As part of my refactoring work to get the sorting part of the pipeline into a hadoop streaming job, I picked up the json2tsv library pypi and started doing some cleanup. They've made me a maintainer because they got tired of my incessant pull requests. :D

I've got the new [Revdocs (sorted)] for enwiki-20150602. I just kicked off the map-only diff processor on the altiscale cluster. I lowered the memory allocated from 5012MB to 1024MB to see if we can push parallelism a bit now that Hadoop isn't doing it's memory buffering of doom during the reduce.

Checking in. We've completed 145 out of 2000 mappers (many others are 99% done). We've had none fail. All looks pretty good. We're running 172 mappers in parallel. Given that we're not running out of memory with 1024MB, we might be able to push it even lower. This streaming python diff alg. is super efficient.

So, the diffs are finished. I tried to generate [Token stats] on hadoop.
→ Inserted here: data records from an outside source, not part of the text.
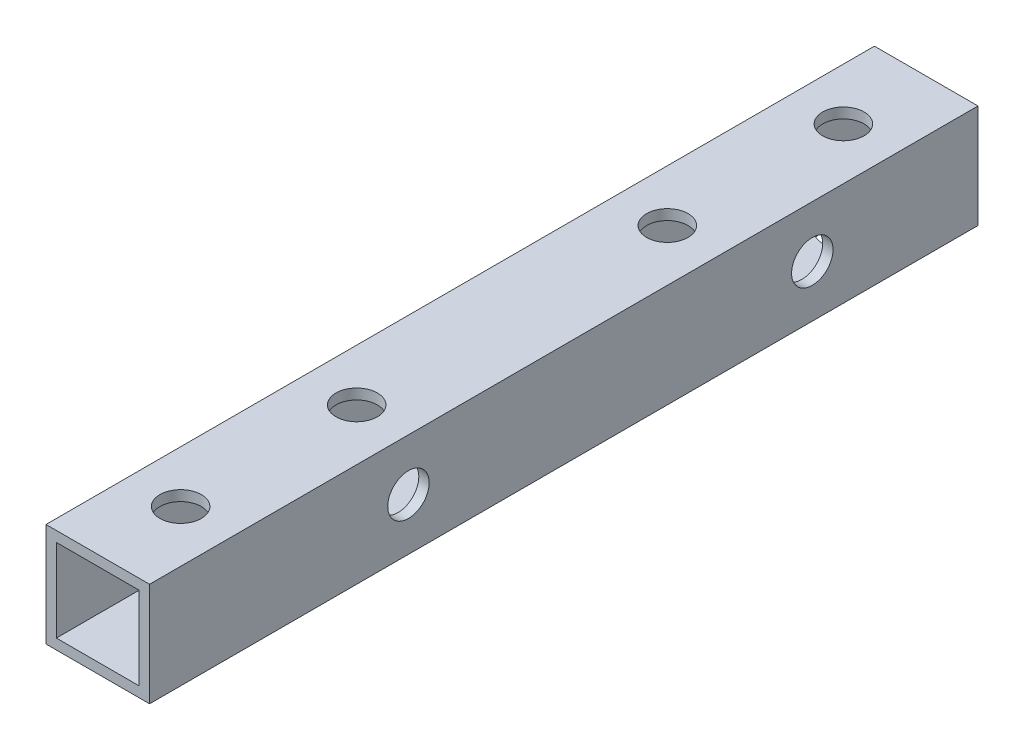
from build123d import *

# Parameters (mm, degrees)
SKETCH_1_W          = 10
SKETCH_1_H          = 10
SKETCH_1_W_2        = 8
SKETCH_1_H_2        = 8
EXTRUDE_2_DEPTH     = 80
SKETCH_2_R          = 2
CUT_EXTRUDE_1_DEPTH = 70
SKETCH_3_R          = 2
CUT_EXTRUDE_2_DEPTH = 104
SKETCH_4_R          = 2
CUT_EXTRUDE_3_DEPTH = 104
SKETCH_5_R          = 2
CUT_EXTRUDE_4_DEPTH = 100
SKETCH_6_R          = 2
CUT_EXTRUDE_5_DEPTH = 10


with BuildPart() as part:
    # 草图1 → 凸台-拉伸2 (new body)
    with BuildSketch(Plane.XY):
        with Locations((5, 5)):
            Rectangle(SKETCH_1_W, SKETCH_1_H)
        with Locations((5, 5)):
            Rectangle(SKETCH_1_W_2, SKETCH_1_H_2, mode=Mode.SUBTRACT)
    extrude(amount=EXTRUDE_2_DEPTH)

    # 草图2 → 切除-拉伸1 (cut)
    with BuildSketch(Plane(origin=(0, 10, 0), x_dir=(1, 0, 0), z_dir=(0, 1, 0))):
        with Locations(Location((5, -72, 0), (0, 0, 180))):
            Circle(SKETCH_2_R)
        with Locations(Location((5, -8, 0), (0, 0, 180))):
            Circle(SKETCH_2_R)
    extrude(amount=-CUT_EXTRUDE_1_DEPTH, mode=Mode.SUBTRACT)

    # 草图3 → 切除-拉伸2 (cut)
    with BuildSketch(Plane.XZ):
        with Locations((5, 25)):
            Circle(SKETCH_3_R)
    extrude(amount=-CUT_EXTRUDE_2_DEPTH, mode=Mode.SUBTRACT)

    # 草图4 → 切除-拉伸3 (cut)
    with BuildSketch(Plane.XZ):
        with Locations((5, 55)):
            Circle(SKETCH_4_R)
    extrude(amount=-CUT_EXTRUDE_3_DEPTH, mode=Mode.SUBTRACT)

    # 草图5 → 切除-拉伸4 (cut)
    with BuildSketch(Plane(origin=(10, 0, 0), x_dir=(0, 0, -1), z_dir=(1, 0, 0))):
        with Locations(Location((-16, 5, 0), (0, 0, 90))):
            Circle(SKETCH_5_R)
    extrude(amount=-CUT_EXTRUDE_4_DEPTH, mode=Mode.SUBTRACT)

    # 草图6 → 切除-拉伸5 (cut)
    with BuildSketch(Plane.ZY):
        with Locations(Location((55, 5, 0), (0, 0, 270))):
            Circle(SKETCH_6_R)
    extrude(amount=-CUT_EXTRUDE_5_DEPTH, mode=Mode.SUBTRACT)


solid = part.part

I figured that, since we were switching to a mapper-only strategy and the diffs worked so well with 1GB per mapper, I'd try the same strategy again. I tried runs with 1GB, 4GB and 8GB mappers. Regretfully, each run crashed quickly with out of memory errors. What is hadoop doing with all that memory!?

After the 8GB failure, I transfered the diff data to stat1003 and started up my 16 duct-tape mapper strategy again and that is chugging along (using ~500MB per mapper). So I should have new results in a few days.

Hey Aaron,
We should review together the approach for you token stats job.
I can't say as is why it takes so much memory :)

I talked to the Altiscale folk about the issue. They were perplexed and have accepted my Job IDs and a description of the issue. They'll review and get back to us.

Quick status update: I've processed 780 input files out of 2000.

And... I've made a mistake. I accidentally re-processed the old diff data. I need to re-start the process to work with the new diff data :( Kicked that off on stat1003.

Also, I should note that the altiscale engineers identified rare, periodic memory usage spikes that happen during the [Diffs]-->[Token stats] process. I'll be digging into that to see if there's anything I can do to limit memory usage in a predictable way.

New [Token stats] generation complete and sample extracted for analysis. Fun story, Token stags extraction is much faster with reasonable diffs :)

Question on the previous link "reflection" section: What about bots?

+1. I think bots and other tools may explain a lot of an increase in efficiency of content production.

I've started trying to get this data loaded onto the altiscale Research Cluster so that I can use HIVE to query it. I'll be working on ways to flag bots with this pattern.